## TASK REQUIREMENTS
Starting at the first line of the data, please print exactly those lines through the one that holds "7.3h398.2v277.3h-398.2zM74.1 19.3v5M76.2 3.8v3.5M145.3", omitting every picture.
--- MATERIAL SUPPLIED Enclosed Below ---
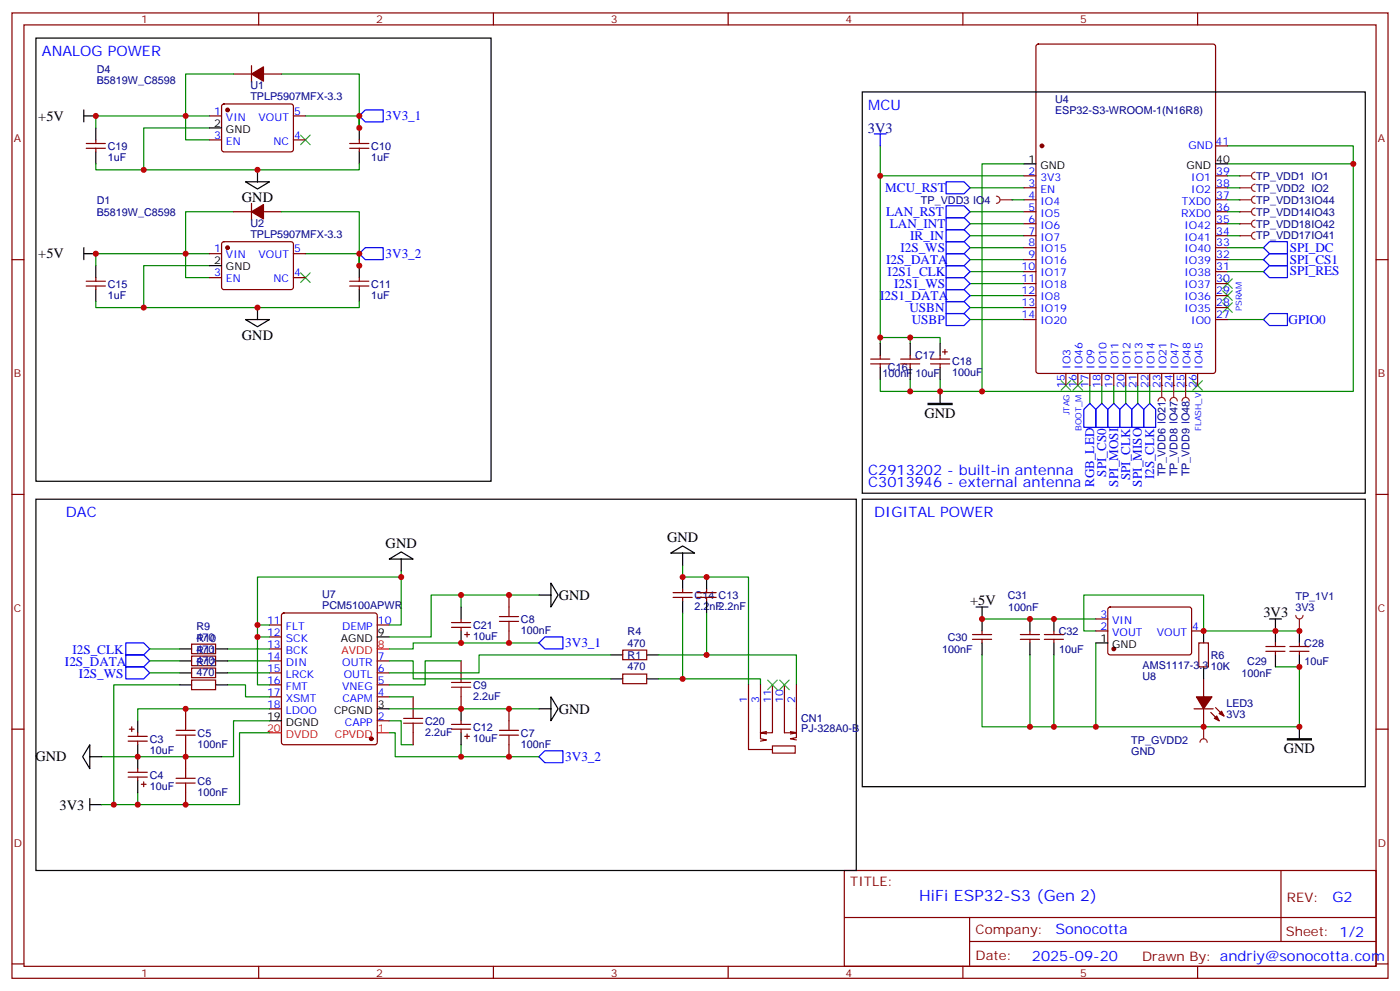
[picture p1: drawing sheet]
<svg xmlns="http://www.w3.org/2000/svg" width="412mm" height="292mm" viewBox="0 0 412 292" stroke-linecap="round" stroke-linejoin="round" font-family="sans-serif">
<g fill="none" stroke="#870000" stroke-width=".35">
<path d="M3.5 3.8h405.4v284.3h-405.4zM7.1 7.3h398.2v277.3h-398.2zM74.1 19.3v5M76.2 3.8v3.5M145.3 3.8v3.5M214.5 3.8v3.5M283.6 3.8v3.5M352.8 3.8v3.5M68.8 21.8h5.3M77.6 21.8h5.3M25.4 43.7h5.6M25.4 42.3h5.6"/>
<path d="M28.2 41.2v1.1M28.2 43.7v1M74.1 59.9v4.9M103 43.7h5.7M103 42.3h5.7M105.8 41.2v1.1M105.8 43.7v1M3.5 76.5h3.6M68.8 62.4h5.3M77.6 62.4h5.3M405.3 76.5h3.6M25.4 84.2h5.6"/>
<path d="M25.4 82.8h5.6M28.2 81.8v1M28.2 84.2v1.1M103 84.2h5.7M103 82.8h5.7M105.8 81.8v1M105.8 84.2v1.1M3.5 145.6h3.6M405.3 145.6h3.6M149.9 175.3v3.5M198.3 176h5.6M198.3 174.6h5.6"/>
<path d="M201.1 173.5v1.1M201.1 176v1M205.3 176h5.7M205.3 174.6h5.7M208.1 173.5v1.1M208.1 176v1M326.6 179l.4-.2h23.6l.4 .7-.1 13-.6 .4-23.5-.1-.5-.6v-12.7zM56.4 189.7h7.1v2.8h-7.1zM56.4 193.3h7.1v2.8h-7.1zM56.4 196.8h7.1v2.8h-7.1zM79.4 198.2h3.5M79.4 194.7h3.5"/>
<path d="M79.4 184.1h3.5M79.4 187.6h3.5M79.4 191.1h3.5M83.1 180.8l.5-.2h26.8l.5 .2 .2 .5v37.4l-.2 .5-.5 .2h-26.8l-.5-.3-.2-.4v-37.4zM111.1 198.2h3.6M111.1 194.7h3.6M111.1 184.1h3.6M133 184.8h5.6M133 183.4h5.6M135.8 182.3v1.1M135.8 184.8v1M135.8 194.7v3.5"/>
<path d="M136.9 186.9h1.4M137.6 186.2v1.4M149.9 185.8v3.6M183.4 198.5h7.1v2.9h-7.1zM183.4 191.5h7.1v2.8h-7.1zM286.5 186.9h5.6M286.5 188.3h5.6M289.3 185.8v1.1M289.3 188.3v1.1M300.6 186.9h5.6M300.6 188.3h5.6M303.4 185.8v1.1"/>
<path d="M303.4 188.3v1.1M307.6 186.9h5.7M307.6 188.3h5.7M310.4 185.8v1.1M310.4 188.3v1.1M322.8 185.8h3.5M322.8 182.3h3.5M351 185.8h3.5M353.1 189.4h2.9v7h-2.9zM354.5 200v5.2M372.9 191.8h5.6M372.9 190.4h5.6"/>
<path d="M375.7 189.4v1M375.7 191.8v1.1M379.9 191.8h5.7M379.9 190.4h5.7M382.8 189.4v1M382.8 191.8v1.1M3.5 214.8h3.6M37.7 216.9h5.7M37.7 218.3h5.7M38.1 214.8h1.4M38.8 214.1v1.4M40.6 215.8v1.1"/>
<path d="M40.6 218.3v1.1M54.7 208.8v3.5M54.7 219.4v7M56.4 200.3h7.1v2.8h-7.1zM79.4 205.2h3.5M79.4 201.7h3.5M79.4 208.8h3.5M111.1 212.3h3.6M111.1 205.2h3.6M111.1 201.7h3.6M121.7 205.2v3.6M121.7 215.8v3.6"/>
<path d="M133 214.8h5.6M133 213.4h5.6M135.8 205.2v3.6M135.8 212.3v1.1M135.8 214.8v1M136.9 216.9h1.4M137.6 216.2v1.4M149.9 208.8v3.5M149.9 219.4v3.5M351.7 208.8h5.7M354.5 208.8v5.3M356.7 209.8l2.4 2.5"/>
<path d="M358.1 208.4l2.4 2.5M405.3 214.8h3.6M37.7 228.9h5.7M37.7 227.5h5.7M40.6 226.4v1.1M40.6 228.9v1M41.6 231h1.4M42.3 230.3v1.4M54.7 233.5v3.5M248.7 256.4h156.6v28.2h-156.6zM377.3 256.4v20.9M248.7 270.2h156.5"/>
<path d="M285.6 277.3h119.6M285.6 270.2v14.2M3.5 283.9h3.6M76.2 284.6v3.5M145.3 284.6v3.5M214.5 284.6v3.5M283.6 284.6v3.5M352.8 284.6v3.5M405.3 283.9h3.6"/>
</g>
<g fill="none" stroke="#a10000" stroke-width=".35">
<path d="M149.9 178.8v2.8M135.8 198.2v2.8M147.1 183h5.7M147.1 181.6h5.7M149.9 183v2.8M51.9 216.5h5.6M51.9 215.1h5.6M54.7 212.3v2.8M54.7 216.5v2.9M118.9 211.6h5.6M118.9 213h5.6M121.7 208.8v2.8"/>
<path d="M121.7 213v2.8M133 201h5.6M133 202.4h5.6M135.8 202.4v2.8M147.1 216.5h5.7M147.1 215.1h5.7M149.9 212.3v2.8M149.9 216.5v2.9M51.9 230.6h5.6M51.9 229.2h5.6M54.7 226.4v2.8M54.7 230.6v2.9"/>
</g>
<g fill="none" stroke="#008700" stroke-width=".35">
<path d="M61.7 37.7h-19.4v12.3M61.7 34.1h-33.5v3.6M68.8 21.8h-14.1v19.4h7M82.9 21.8h22.9v15.9M90 34.1h15.8v3.6M105.8 34.1v3.6M28.2 48.3v1.7h77.6v-1.7M61.7 78.2h-19.4v12.4M61.7 74.7h-33.5v3.5M68.8 62.4h-14.1v19.4h7M82.9 62.4h22.9v15.8M90 74.7h15.8v3.5"/>
<path d="M105.8 74.7v3.5M28.2 88.8v1.8h77.6v-1.8M118.2 170h-42.4v14.1h3.6M118.2 168.2v15.9h-3.5M135.8 175.3v3.5M158.7 175.3h-31.7v12.3h-12.3M201.1 166.4v3.6h19.4v31.7M44.1 191.1h8.8M44.1 194.7h8.8M44.1 198.2h8.8M67 191.1h12.4M67 194.7h12.4"/>
<path d="M67 198.2h12.4M75.8 184.1v17.6h3.6M75.8 187.6h3.6M114.7 194.7h7v5.3h58.2M135.8 194.7h-10.6v7h-10.5M158.7 189.4h-37v1.7h-7M179.9 192.9h-38.8v5.3h-26.4M201.1 200h22.9v1.7M201.1 180.6v19.4h-7.1M208.1 192.9h26.5v8.8M208.1 180.6v12.3h-14.1M289.3 192.9v21.2h93.5v-17.7h-7.1"/>
<path d="M289.3 182.3h33.5M303.4 192.9v21.2M310.4 192.9v21.2M322.8 185.8h-3.5v-10.5h35.2v10.5M322.8 189.4v24.7M375.7 185.8h7.1M52.9 201.7h-19.4v35.3M67 201.7h5.3v3.5h7.1M79.4 215.8h-8.8v21.2h-40.6M79.4 212.3h-10.6v10.6h-38.8M79.4 208.8h-38.8v3.5M114.7 212.3h3.5v7.1h3.5"/>
<path d="M114.7 215.8h1.7v7.1h42.3M114.7 208.8h44M114.7 205.2h7M135.8 219.4v3.5M40.6 233.5v3.5"/>
</g>
<g fill="none" stroke="#000" stroke-width=".35">
<path d="M10.6 11.2h134v130.5h-134zM24.7 32.4v3.5M24.7 34.1h3.5M28.2 37.7v3.5M105.8 37.7v3.5M28.2 44.7v3.6M72.3 53.6h7.1l-3.6 2.1zM75.8 50v3.6M105.8 44.7v3.6M24.7 74.7h3.5M24.7 73v3.5M28.2 78.2v3.6"/>
<path d="M105.8 78.2v3.6M28.2 85.3v3.5M72.3 94.1h7.1l-3.6 2.1zM75.8 90.6v3.5M105.8 85.3v3.5M10.6 147h241.6v109.4h-241.6zM254 147h148.2v84.7h-148.2zM114.7 164.7l3.5-2.1 3.5 2.1zM118.2 164.7v3.5M135.8 178.8v3.5M158.7 175.3h3.6M162.3 171.7l2.1 3.6-2.1 3.5z"/>
<path d="M197.6 162.9l3.5-2.1 3.5 2.1zM201.1 162.9v3.5M201.1 170v3.5M201.1 177v3.6M208.1 170v3.5M208.1 177v3.6M287.5 178.8h3.5M289.3 178.8v7M52.9 191.1h3.5M52.9 194.7h3.5M52.9 198.2h3.5M63.5 191.1h3.5"/>
<path d="M63.5 194.7h3.5M63.5 198.2h3.5M111.1 187.6h3.6M135.8 185.8v3.6M179.9 200h3.5M179.9 192.9h3.5M190.5 200h3.5M190.5 192.9h3.5M289.3 189.4v3.5M303.4 182.3v3.5M303.4 189.4v3.5M310.4 182.3v3.5"/>
<path d="M310.4 189.4v3.5M322.8 189.4h3.5M354.5 185.8v3.6M354.5 196.4v3.6M373.9 182.3h3.6M375.7 182.3v7.1M375.7 192.9v3.5M382.8 185.8v3.6M382.8 192.9v3.5M26.5 219.4v7l-2.2-3.5zM40.6 212.3v3.5M40.6 219.4v7"/>
<path d="M52.9 201.7h3.5M63.5 201.7h3.5M79.4 212.3h3.5M111.1 208.8h3.6M135.8 208.8v3.5M135.8 215.8v3.6M158.7 208.8h3.6M162.3 205.2l2.1 3.6-2.1 3.5zM382.8 214.1v3.5M26.5 237h3.5M26.5 235.2v3.6M26.5 222.9h3.5"/>
<path d="M40.6 229.9v3.6"/>
</g>
<path d="M88.5 39.8l2.9 2.8M91.4 39.8l-2.9 2.8M88.5 80.4l2.9 2.8M91.4 80.4l-2.9 2.8" fill="none" stroke="#3c3" stroke-width=".35"/>
<g fill="#870000" stroke="#870000" stroke-width=".35">
<path d="M74.1 62.4l3.5-2.1v4.2z"/>
<path d="M74.1 21.8l3.5-2.1v4.2z"/>
<path d="M357.7 211.6l.7-.7 .7 1.4z"/>
<path d="M359.1 210.2l.7-.7 .7 1.4z"/>
<path d="M352.4 205.2h4.6l-2.5 3.6z"/>
<circle cx="109.4" cy="217.6" r=".53"/>
<circle cx="328.1" cy="191.1" r=".53"/>
</g>
<path d="M105.8 34.1l1.8-1.7h5.3v3.5h-5.3zM105.8 74.7l1.8-1.7h5.3v3.5h-5.3zM37 189.4h5.3l1.8 1.7-1.8 1.8h-5.3zM37 196.4h5.3l1.8 1.8-1.8 1.8h-5.3zM37 192.9h5.3l1.8 1.8-1.8 1.7h-5.3zM158.7 189.4l1.8-1.8h5.3v3.5h-5.3zM158.7 222.9l1.8-1.8h5.3v3.5h-5.3z" fill="none" stroke="#00f" stroke-width=".35"/>
<path d="M111.1 191.1h3.6M79.4 215.8h3.5M111.1 215.8h3.6" fill="none" stroke="#f00" stroke-width=".35"/>
<path d="M379.2 217.6h7.1v.3h-7.1z" fill="#000" stroke="#000" stroke-width=".35"/>
<path d="M381.7 181.3a1.06 1.06 0 0 0 1.1 1 1.06 1.06 0 0 0 1-1M382.8 182.3v3.5" fill="none" stroke="#8c2424" stroke-width=".35"/>
<circle cx="382.8" cy="185.8" r=".18" fill="#8c2424"/>
<path d="M354.5 185.8h21.2" fill="none" stroke="#008700" stroke-width=".35"/>
<path d="M353.5 218.7a1.06 1.06 0 0 1 1-1.1 1.06 1.06 0 0 1 1.1 1.1M354.5 214.1v3.5" fill="none" stroke="#8c2424" stroke-width=".35"/>
<circle cx="354.5" cy="214.1" r=".18" fill="#8c2424"/>
<g fill="none" stroke="#870000" stroke-width=".35">
<path d="M61.7 34.1h3.6M65.5 30.8l.5-.2 20 .1 .4 .6v13l-.7 .4h-20l-.4-.7v-12.7zM86.4 34.1h3.6M61.7 41.2h3.6M86.4 41.2h3.6M61.7 74.7h3.6M65.5 71.4l.5-.2h20l.4 .7v13l-.7 .4-20-.1-.4-.6v-12.7zM86.4 74.7h3.6M61.7 81.8h3.6M86.4 81.8h3.6M220.5 201.7v19.1h7M224 201.7v15.9l1.8 .3-1.8 .4"/>
<path d="M225.8 215.5l-1.8 .3M227.5 219.7h6.7v2.1h-6.7zM227.5 201.7v14.1h-3.5l1.8 .4M231.1 201.7v14.1h3.5l-1.8-.3M234.6 201.7v15.5l-1.8 .4 1.8 .3M234.6 215.8l-1.8 .4"/>
</g>
<g fill="none" stroke="#3c3" stroke-width=".35">
<path d="M360.2 89.2l2.8 2.8M360.2 85.7l2.8 2.8M360.2 82.1l2.8 2.8M363 89.2l-2.8 2.8M363 85.7l-2.8 2.8M363 82.1l-2.8 2.8M312.6 112.1l2.8 2.8M315.4 112.1l-2.8 2.8M316.1 112.1l2.8 2.8M318.9 112.1l-2.8 2.8M351.4 112.1l2.8 2.8M354.2 112.1l-2.8 2.8"/>
<path d="M226.1 200.3l2.9 2.8M229 200.3l-2.9 2.8M229.7 200.3l2.8 2.8M232.5 200.3l-2.8 2.8"/>
</g>
<g fill="#870000" stroke="#870000" stroke-width=".35">
<circle cx="67" cy="32.4" r=".53"/>
<circle cx="67" cy="73" r=".53"/>
</g>
<path d="M61.7 37.7h3.6M61.7 78.2h3.6M276.9 115.3v3.5" fill="none" stroke="#000" stroke-width=".35"/>
<g fill="none" stroke="#008700" stroke-width=".35">
<path d="M259.3 43v58.2M259.3 51.8h42.3M285.8 55.3h15.8M301.6 48.3h-12.3v67h-12.4M361.6 43h37v72.3h-109.3M361.6 48.3h37M285.8 76.5h15.8M285.8 69.4h15.8M285.8 65.9h15.8M285.8 73h15.8M285.8 62.4h15.8M361.6 76.5h10.6"/>
<path d="M259.3 99.4h8.8v1.8M268.1 99.4h8.8v1.8M285.8 87.1h15.8M285.8 83.5h15.8M285.8 80h15.8M285.8 94.1h15.8M285.8 90.6h15.8M361.6 94.1h10.6M259.3 111.8v3.5h8.8M268.1 111.8v3.5h8.8v-3.5M321 113.5v5.3M324.6 113.5v5.3"/>
<path d="M328.1 113.5v5.3M331.6 113.5v5.3M335.1 113.5v5.3M338.7 113.5v5.3"/>
</g>
<g fill="none" stroke="#00f" stroke-width=".35">
<path d="M257.5 39.4h3.6M259.3 39.4v3.6M278.7 53.6h5.3l1.8 1.7-1.8 1.8h-5.3zM278.7 67.7h5.3l1.8 1.7-1.8 1.8h-5.3zM278.7 64.1h5.3l1.8 1.8-1.8 1.8h-5.3zM278.7 71.2h5.3l1.8 1.8-1.8 1.7h-5.3zM278.7 60.6h5.3l1.8 1.8-1.8 1.7h-5.3zM278.7 74.7h5.3l1.8 1.8-1.8 1.7h-5.3zM372.2 73l1.7-1.8h5.3v3.5h-5.3zM278.7 92.4h5.3l1.8 1.7-1.8 1.8h-5.3zM278.7 88.8h5.3l1.8 1.8-1.8 1.8h-5.3zM372.2 80l1.7-1.8h5.3v3.6h-5.3z"/>
<path d="M372.2 94.1l1.7-1.7h5.3v3.5h-5.3zM321 118.8l1.8 1.8v5.3h-3.5v-5.3zM328.1 118.8l1.7 1.8v5.3h-3.5v-5.3zM335.1 118.8l1.8 1.8v5.3h-3.5v-5.3zM338.7 118.8l1.7 1.8v5.3h-3.5v-5.3zM322.8 120.6l1.8-1.8 1.7 1.8v5.3h-3.5zM329.8 120.6l1.8-1.8 1.8 1.8v5.3h-3.6z"/>
</g>
<path d="M273.4 118.8h7.1v.4h-7.1z" fill="#000" stroke="#000" stroke-width=".35"/>
<path d="M365.1 51.8h3.6M369.7 50.7a1.06 1.06 0 0 0-1 1.1 1.06 1.06 0 0 0 1 1" fill="none" stroke="#8c2424" stroke-width=".35"/>
<circle cx="365.1" cy="51.8" r=".18" fill="#8c2424"/>
<path d="M365.1 55.3h3.6M369.7 54.3a1.06 1.06 0 0 0-1 1 1.06 1.06 0 0 0 1 1.1" fill="none" stroke="#8c2424" stroke-width=".35"/>
<circle cx="365.1" cy="55.3" r=".18" fill="#8c2424"/>
<path d="M293.5 57.8a1.06 1.06 0 0 1 1.1 1 1.06 1.06 0 0 1-1.1 1.1M294.6 58.8h3.5" fill="none" stroke="#8c2424" stroke-width=".35"/>
<circle cx="298.1" cy="58.8" r=".18" fill="#8c2424"/>
<path d="M341.1 118.1a1.06 1.06 0 0 1 1.1-1 1.06 1.06 0 0 1 1.1 1M342.2 113.5v3.6" fill="none" stroke="#8c2424" stroke-width=".35"/>
<circle cx="342.2" cy="113.5" r=".18" fill="#8c2424"/>
<path d="M344.7 118.1a1.06 1.06 0 0 1 1-1 1.06 1.06 0 0 1 1.1 1M345.7 113.5v3.6" fill="none" stroke="#8c2424" stroke-width=".35"/>
<circle cx="345.7" cy="113.5" r=".18" fill="#8c2424"/>
<path d="M348.2 118.1a1.06 1.06 0 0 1 1.1-1 1.06 1.06 0 0 1 1 1M349.2 113.5v3.6" fill="none" stroke="#8c2424" stroke-width=".35"/>
<circle cx="349.3" cy="113.5" r=".18" fill="#8c2424"/>
<path d="M365.1 58.8h3.6M369.7 57.8a1.06 1.06 0 0 0-1 1 1.06 1.06 0 0 0 1 1.1" fill="none" stroke="#8c2424" stroke-width=".35"/>
<circle cx="365.1" cy="58.8" r=".18" fill="#8c2424"/>
<path d="M365.1 62.4h3.6M369.7 61.3a1.06 1.06 0 0 0-1 1.1 1.06 1.06 0 0 0 1 1" fill="none" stroke="#8c2424" stroke-width=".35"/>
<circle cx="365.1" cy="62.4" r=".18" fill="#8c2424"/>
<path d="M365.1 69.4h3.6M369.7 68.4a1.06 1.06 0 0 0-1 1 1.06 1.06 0 0 0 1 1.1" fill="none" stroke="#8c2424" stroke-width=".35"/>
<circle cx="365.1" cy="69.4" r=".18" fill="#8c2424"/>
--- End of Enclosed MATERIAL SUPPLIED ---
## RESPONSE AREA
[picture p1: drawing sheet]
<svg xmlns="http://www.w3.org/2000/svg" width="412mm" height="292mm" viewBox="0 0 412 292" stroke-linecap="round" stroke-linejoin="round" font-family="sans-serif">
<g fill="none" stroke="#870000" stroke-width=".35">
<path d="M3.5 3.8h405.4v284.3h-405.4zM7.1 7.3h398.2v277.3h-398.2zM74.1 19.3v5M76.2 3.8v3.5M145.3 3.8v3.5M214.5 3.8v3.5M283.6 3.8v3.5M352.8 3.8v3.5M68.8 21.8h5.3M77.6 21.8h5.3M25.4 43.7h5.6M25.4 42.3h5.6"/>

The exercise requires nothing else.